The thing is, Rhenisch writes convincingly about those grievances, and his phrasing isn't readily separable from the current right-wing exploitation of the rural: "We might export to the rest of the country, and to the world, fruit and lumber and gold, but our thoughts remain with us: they are from a world too far removed. Since we live with the earth, we live in the past, or an extension of the past into the present that society cannot recognize because it is not part of society" (p147). There's absolutely no way in which I understand Rhenisch's politics as resonating with (shudder) Poilievre's, and yet this kind of phrasing... I mean, the book's occasional mentions of fascism and Marxism and communism doesn't inoculate this phrasing against potential utility for someone like (shudder) Poilievre.

At heart, though, Rhenisch lives in, writes from, and writes about a BC and an Okanagan that's unique to him, and I'm here for it even when I'm left struggling with the implications:

"By ripping out all its orchards for retirement homes and motels, Penticton has destroyed the dream that brought people here. But Penticton is just pain, a cancer. In Victorian and Edwardian times we colonized the wild land; now we colonize that Edwardian image--hoping for those old attitudes miraculously to animate us, both emulating and despising them with the same strength that we once did the land itself." (p69)

A great deal rides on the identity of this passage's mentions of "we" and "us," but I don't see an avenue toward linking them up with current right-wing politicking. Rhenisch's politics and aesthetics aren't straightforward, and I don't think anyone who's made it this far into the post wants to read another thousand words on intergenerational colonization and exploitation of places like the Okanagan. But there's a worthwhile complexity to Rhenisch's writing in passages like this, vastly different from conventional politics, and I continue to argue that his work is unique to this place in a way that makes his writing irreplaceable for someone trying to make sense of BC.

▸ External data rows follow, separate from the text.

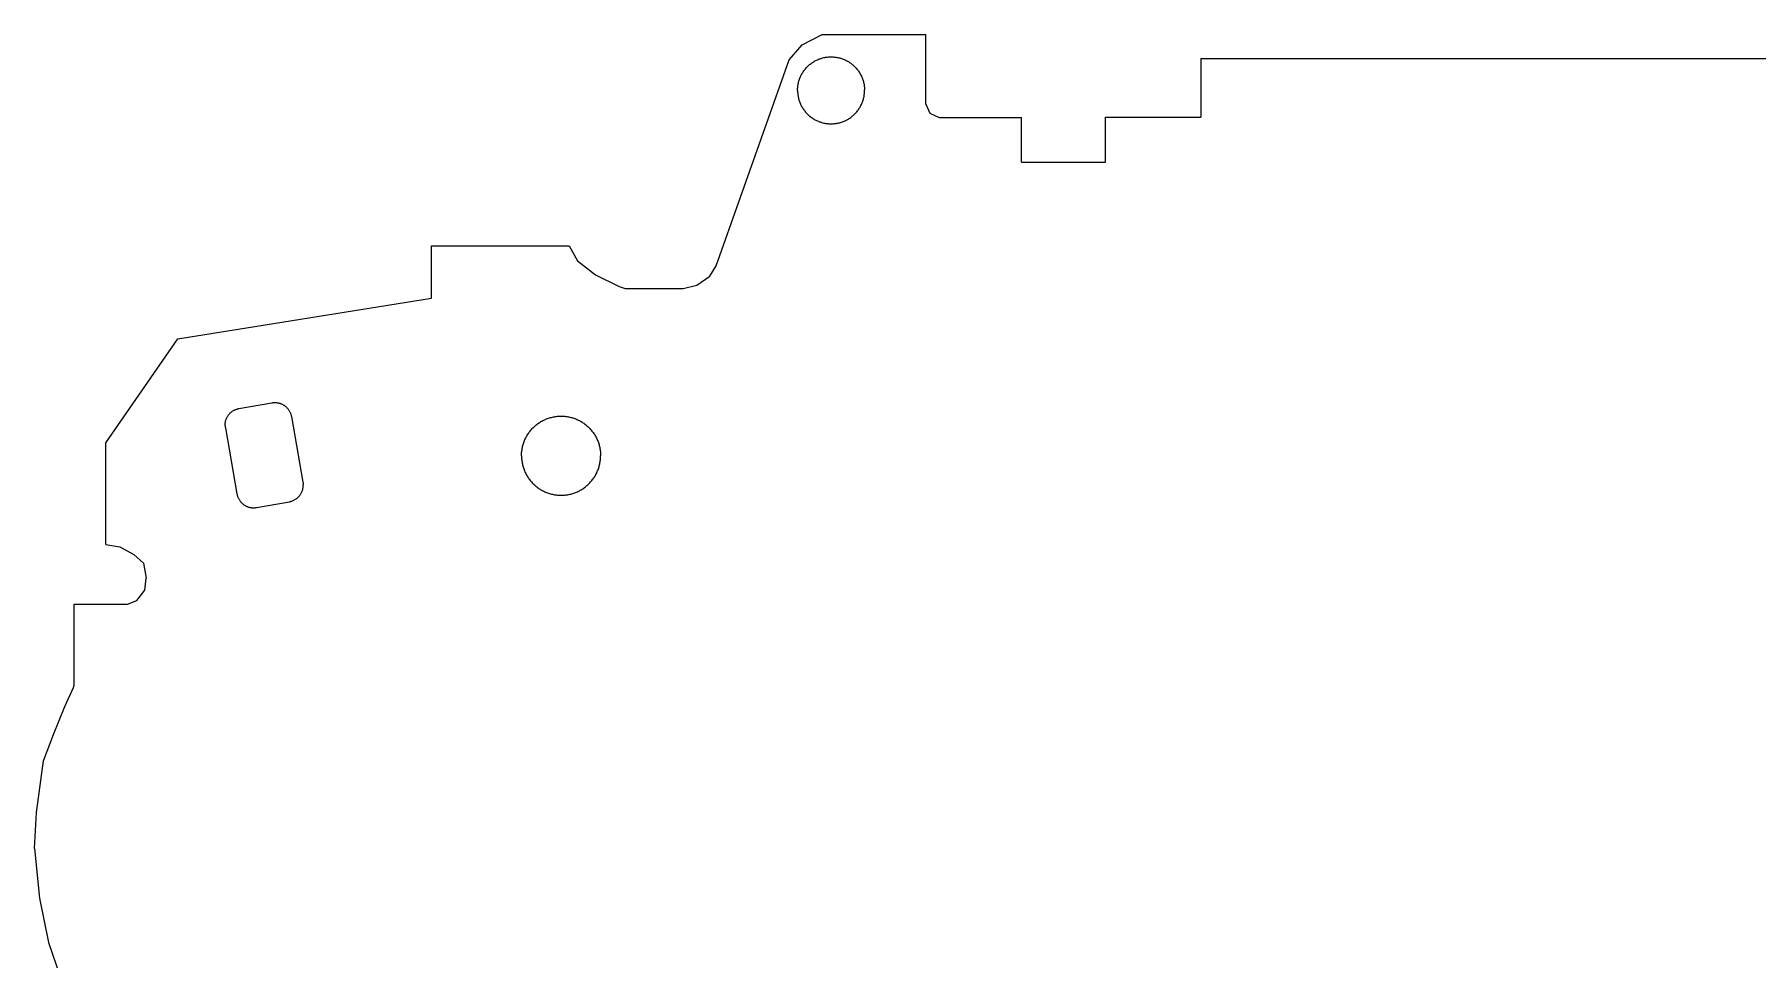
# Model space of a CAD drawing. Header units: inches. Extents: x 1.44 to 6.59, y 1.74 to 4.61.
# Drawn here: x 1.441 to 4.014, y 3.226 to 4.607 of the extents above; entities that cross this region are included whole.
import ezdxf

# ---------------------------------------------------------------- set-up
doc = ezdxf.new("R2010")
doc.units = ezdxf.units.IN
doc.header["$MEASUREMENT"] = 0
doc.layers.add('Mechanical2', color=216, linetype='Continuous')

msp = doc.modelspace()

# ---------------------------------------------------------------- linework, layer by layer
at = {"layer": 'Mechanical2'}
for p, q in [((2.5876, 4.5922), (2.6172, 4.6075)), ((2.6172, 4.6075), (2.772, 4.6075)), ((2.772, 4.5032), (2.772, 4.6075)), ((2.5678, 4.5696), (2.5876, 4.5922)), ((2.4591, 4.2621), (2.5678, 4.5696)), ((2.5898, 4.5531), (2.5906, 4.5542)), ((2.5906, 4.5542), (2.5915, 4.5553)), ((2.5915, 4.5553), (2.5924, 4.5564)), ((2.5924, 4.5564), (2.5933, 4.5575)), ((2.5933, 4.5575), (2.5943, 4.5585)), ((2.5943, 4.5585), (2.5953, 4.5595)), ((2.5953, 4.5595), (2.5963, 4.5605)), ((2.5963, 4.5605), (2.5973, 4.5615)), ((2.5973, 4.5615), (2.5984, 4.5624)), ((2.5984, 4.5624), (2.5995, 4.5633)), ((2.5995, 4.5633), (2.6006, 4.5641)), ((2.6006, 4.5641), (2.6017, 4.5649)), ((2.6017, 4.5649), (2.6029, 4.5657)), ((2.6029, 4.5657), (2.6041, 4.5665)), ((2.6041, 4.5665), (2.6053, 4.5672)), ((2.6053, 4.5672), (2.6065, 4.5679)), ((2.6065, 4.5679), (2.6078, 4.5686)), ((2.6078, 4.5686), (2.609, 4.5692)), ((2.609, 4.5692), (2.6103, 4.5698)), ((2.6103, 4.5698), (2.6116, 4.5703)), ((2.6116, 4.5703), (2.6129, 4.5709)), ((2.6129, 4.5709), (2.6142, 4.5713)), ((2.6142, 4.5713), (2.6156, 4.5718)), ((2.6156, 4.5718), (2.6169, 4.5722)), ((2.6169, 4.5722), (2.6183, 4.5725)), ((2.6183, 4.5725), (2.6197, 4.5729)), ((2.6197, 4.5729), (2.621, 4.5731)), ((2.621, 4.5731), (2.6224, 4.5734)), ((2.6224, 4.5734), (2.6238, 4.5736)), ((2.6238, 4.5736), (2.6252, 4.5738)), ((2.6252, 4.5738), (2.6266, 4.5739)), ((2.6266, 4.5739), (2.628, 4.574)), ((2.628, 4.574), (2.6294, 4.574)), ((2.6294, 4.574), (2.6308, 4.574)), ((2.6308, 4.574), (2.6323, 4.574)), ((2.6323, 4.574), (2.6337, 4.5739)), ((2.6337, 4.5739), (2.6351, 4.5738)), ((2.6351, 4.5738), (2.6365, 4.5737)), ((2.6365, 4.5737), (2.6379, 4.5735)), ((2.6379, 4.5735), (2.6393, 4.5733)), ((2.6393, 4.5733), (2.6406, 4.573)), ((2.6406, 4.573), (2.642, 4.5727)), ((2.642, 4.5727), (2.6434, 4.5724)), ((2.6434, 4.5724), (2.6447, 4.572)), ((2.6447, 4.572), (2.6461, 4.5716)), ((2.6461, 4.5716), (2.6474, 4.5711)), ((2.6474, 4.5711), (2.6487, 4.5706)), ((2.6487, 4.5706), (2.65, 4.5701)), ((2.65, 4.5701), (2.6513, 4.5695)), ((2.6513, 4.5695), (2.6526, 4.5689)), ((2.6526, 4.5689), (2.6539, 4.5683)), ((2.6539, 4.5683), (2.6551, 4.5676)), ((2.6551, 4.5676), (2.6563, 4.5669)), ((2.6563, 4.5669), (2.6575, 4.5661)), ((2.6575, 4.5661), (2.6587, 4.5653)), ((2.6587, 4.5653), (2.6598, 4.5645)), ((2.6598, 4.5645), (2.661, 4.5637)), ((2.661, 4.5637), (2.6621, 4.5628)), ((2.6621, 4.5628), (2.6631, 4.5619)), ((2.6631, 4.5619), (2.6642, 4.561)), ((2.6642, 4.561), (2.6652, 4.56)), ((2.6652, 4.56), (2.6662, 4.559)), ((2.6662, 4.559), (2.6672, 4.558)), ((2.6672, 4.558), (2.6681, 4.557)), ((2.6681, 4.557), (2.669, 4.5559)), ((2.669, 4.5559), (2.6699, 4.5548)), ((2.6699, 4.5548), (2.6708, 4.5537)), ((2.6708, 4.5537), (2.6716, 4.5525)), ((3.1827, 4.5715), (4.6092, 4.5715)), ((3.1827, 4.5715), (3.1828, 4.4842)), ((2.5806, 4.5269), (2.5807, 4.5283)), ((2.5807, 4.5283), (2.5808, 4.5297)), ((2.5808, 4.5297), (2.581, 4.5311)), ((2.581, 4.5311), (2.5812, 4.5325)), ((2.5812, 4.5325), (2.5815, 4.5338)), ((2.5815, 4.5338), (2.5818, 4.5352)), ((2.5818, 4.5352), (2.5821, 4.5366)), ((2.5821, 4.5366), (2.5825, 4.5379)), ((2.5825, 4.5379), (2.5829, 4.5393)), ((2.5829, 4.5393), (2.5833, 4.5406)), ((2.5833, 4.5406), (2.5838, 4.542)), ((2.5838, 4.542), (2.5843, 4.5433)), ((2.5843, 4.5433), (2.5849, 4.5446)), ((2.5849, 4.5446), (2.5855, 4.5458)), ((2.5855, 4.5458), (2.5861, 4.5471)), ((2.5861, 4.5471), (2.5868, 4.5483)), ((2.5868, 4.5483), (2.5875, 4.5496)), ((2.5875, 4.5496), (2.5882, 4.5508)), ((2.5882, 4.5508), (2.589, 4.5519)), ((2.589, 4.5519), (2.5898, 4.5531)), ((2.6716, 4.5525), (2.6724, 4.5513)), ((2.6724, 4.5513), (2.6731, 4.5502)), ((2.6731, 4.5502), (2.6739, 4.5489)), ((2.6739, 4.5489), (2.6745, 4.5477)), ((2.6745, 4.5477), (2.6752, 4.5465)), ((2.6752, 4.5465), (2.6758, 4.5452)), ((2.6758, 4.5452), (2.6764, 4.5439)), ((2.6764, 4.5439), (2.6769, 4.5426)), ((2.6769, 4.5426), (2.6774, 4.5413)), ((2.6774, 4.5413), (2.6779, 4.54)), ((2.6779, 4.54), (2.6783, 4.5386)), ((2.6783, 4.5386), (2.6787, 4.5373)), ((2.6787, 4.5373), (2.6791, 4.5359)), ((2.6791, 4.5359), (2.6794, 4.5345)), ((2.6794, 4.5345), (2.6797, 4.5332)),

And I would argue further that that's true even if you're not, to quote myself from above, someone who feels like they're the right audience. That's more or less what I wrote in my second time blogging about Tom Thomson's Shack: "our ways of seeing have been trained by the social and aesthetic structures that were only possible in a world shaped by colonialism, a shaping influence that still colours how one lives in rural BC, in all kinds of ways." If you can't make sense of Out of the Interior, you can't entirely make sense of BC, either.

As frustrating as it can be for me, the experience of reading Harold Rhenisch, somehow it remains something that defines my sense of the world, and for all its strangeness and its 1993-ism, Out of the Interior remains for me a great visit to another time and another world (or another BC, anyway) that I'll never recover but that's lodged in my interior somewhere.

* I've been over-thinking it for weeks.

Comments

Anonymous said…
This is a wonderful consideration. (Am reading Harold's new book of poems, Salmon Shanties, a wild ride across time and place. Or maybe a wild swim? But this -- "I'm not telling you what's buried beneath that ellipsis, but in the context of the book, it's enough to make one paragraph into an entire capsule autobiography. Once you've spent time with Rhenisch's prose, enough time to see that the repetitions and recursions have the effect of deepening retrospectively the passages you'd thought you'd come to terms with, you can get to a point where a single page seems like it might be the whole point." -- worth the whole read, Richard.
richard said…
Thanks, Theresa (I think?). I haven't let myself pick up Salmon Shanties just yet, but I'm looking forward to it, and I've had the publisher's page up on my browser literally for weeks now. Harold's prose just does it for me, even when I'm not on board with what he's saying. (We've all got barely bearable family members we couldn't imagine being without. That's not quite what I mean, but it's not far off.)